Ольга качала головой:
— О Господи. Но ты…
— Я хотел вывести тебя из-под удара. Я это сделал. Это мой свадебный подарок тебе и Ярославу Николаевичу. — Он повернулся к Славе. — И еще, может быть, я подарю тебе старинный пистолет, дорогой друг.
Слава улыбнулся:
— Ты сделал мне самый дорогой подарок. Дороже у меня нет ничего на свете.
Слава еще крепче стиснул Ольгу в объятиях и поцелуем осушил слезы.
— А… Таня? Ты о ней знаешь, Андрей? — Ольга прикрыла глаза, боясь услышать ответ.
— Знаю. Она поправится.
— Правда? — выдохнула Ольга, чувствуя, как сердце омылось кровью.
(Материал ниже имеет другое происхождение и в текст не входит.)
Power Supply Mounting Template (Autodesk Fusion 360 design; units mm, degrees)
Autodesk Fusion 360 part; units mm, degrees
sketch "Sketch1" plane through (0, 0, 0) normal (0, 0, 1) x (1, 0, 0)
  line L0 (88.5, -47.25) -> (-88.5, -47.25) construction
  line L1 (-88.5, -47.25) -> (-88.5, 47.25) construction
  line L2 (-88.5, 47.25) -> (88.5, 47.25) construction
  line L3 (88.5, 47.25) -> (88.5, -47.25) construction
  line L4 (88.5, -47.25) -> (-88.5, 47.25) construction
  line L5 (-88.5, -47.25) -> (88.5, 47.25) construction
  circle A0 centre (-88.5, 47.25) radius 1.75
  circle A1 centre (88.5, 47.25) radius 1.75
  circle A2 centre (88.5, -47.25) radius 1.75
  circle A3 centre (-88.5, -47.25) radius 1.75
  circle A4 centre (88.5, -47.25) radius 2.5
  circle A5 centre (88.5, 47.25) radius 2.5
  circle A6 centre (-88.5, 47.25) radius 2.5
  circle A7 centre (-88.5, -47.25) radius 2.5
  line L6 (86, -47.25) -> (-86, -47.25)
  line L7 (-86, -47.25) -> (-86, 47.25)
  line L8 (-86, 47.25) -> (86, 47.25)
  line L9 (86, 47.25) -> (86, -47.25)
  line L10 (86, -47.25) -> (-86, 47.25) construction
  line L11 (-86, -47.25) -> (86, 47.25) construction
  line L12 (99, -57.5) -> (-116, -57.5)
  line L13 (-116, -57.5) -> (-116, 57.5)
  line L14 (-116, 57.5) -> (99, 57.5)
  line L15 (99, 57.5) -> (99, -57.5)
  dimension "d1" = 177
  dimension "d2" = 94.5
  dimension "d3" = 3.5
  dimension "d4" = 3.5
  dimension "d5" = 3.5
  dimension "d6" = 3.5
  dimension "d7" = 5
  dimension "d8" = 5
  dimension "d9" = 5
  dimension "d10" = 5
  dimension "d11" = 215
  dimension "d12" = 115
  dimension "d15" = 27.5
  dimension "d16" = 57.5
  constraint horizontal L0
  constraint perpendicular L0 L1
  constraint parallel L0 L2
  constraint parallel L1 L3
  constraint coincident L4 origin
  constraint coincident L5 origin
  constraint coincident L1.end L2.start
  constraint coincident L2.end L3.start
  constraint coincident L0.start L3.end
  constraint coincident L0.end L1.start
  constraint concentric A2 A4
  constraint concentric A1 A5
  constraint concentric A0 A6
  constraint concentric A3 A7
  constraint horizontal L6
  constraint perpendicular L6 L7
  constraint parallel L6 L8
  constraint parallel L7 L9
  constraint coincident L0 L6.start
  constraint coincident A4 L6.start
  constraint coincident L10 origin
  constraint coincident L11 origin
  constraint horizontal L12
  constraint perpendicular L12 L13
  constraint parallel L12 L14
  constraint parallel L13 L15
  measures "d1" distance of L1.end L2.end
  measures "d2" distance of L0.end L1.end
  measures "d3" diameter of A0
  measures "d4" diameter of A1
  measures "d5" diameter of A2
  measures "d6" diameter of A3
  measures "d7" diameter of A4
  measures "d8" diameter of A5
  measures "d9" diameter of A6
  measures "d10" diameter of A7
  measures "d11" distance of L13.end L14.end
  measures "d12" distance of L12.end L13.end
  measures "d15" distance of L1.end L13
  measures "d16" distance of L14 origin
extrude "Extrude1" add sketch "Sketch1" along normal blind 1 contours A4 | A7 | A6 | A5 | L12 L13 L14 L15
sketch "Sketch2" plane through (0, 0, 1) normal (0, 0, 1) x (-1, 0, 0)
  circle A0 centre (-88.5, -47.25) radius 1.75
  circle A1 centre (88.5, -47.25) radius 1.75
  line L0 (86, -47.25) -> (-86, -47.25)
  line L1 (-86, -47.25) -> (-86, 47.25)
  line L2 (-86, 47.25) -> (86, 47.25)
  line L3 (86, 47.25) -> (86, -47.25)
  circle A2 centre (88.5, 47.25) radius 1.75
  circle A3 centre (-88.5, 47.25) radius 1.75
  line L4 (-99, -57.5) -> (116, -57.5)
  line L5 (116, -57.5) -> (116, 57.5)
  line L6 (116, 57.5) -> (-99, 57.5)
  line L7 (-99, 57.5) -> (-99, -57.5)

— Правда. Слово доктора. Так что, Ольга, все хорошо, все в порядке.
Она улыбнулась сквозь слезы.
Андрей поехал домой не спеша, на душе было спокойно, как уже не было давно. Войдя в квартиру, зажег свет и поставил красный чайник на газовую плиту. Зазвонил телефон.
— Широков? Не зайдешь ли ко мне завтра?
Андрей возвел глаза к потолку. Потом, вспомнив счастливые лица Ольги и Воронцова, мирным голосом спросил:
— Ну чего еще ты от меня хочешь? Неужели тебе мало?
— С этим делом все в порядке. Но есть новое. Как раз для тренировки твоего ума, Широков. Чтобы не заржавел.
— Ты когда-нибудь оставишь меня в покое?
— Такие, как мы с тобой, милый, на покой не уходят. Мы во все времена на посту. И в старые, и в новые.
— Ох, Петруша, Петруша. Что с тобой поделаешь?
— Кто говорил, что разные твои тесты — мед твоей жизни? Сам говорил. Или врал?
— Да не врал я, Петруша. Но, может, я хоть чаю попить успею?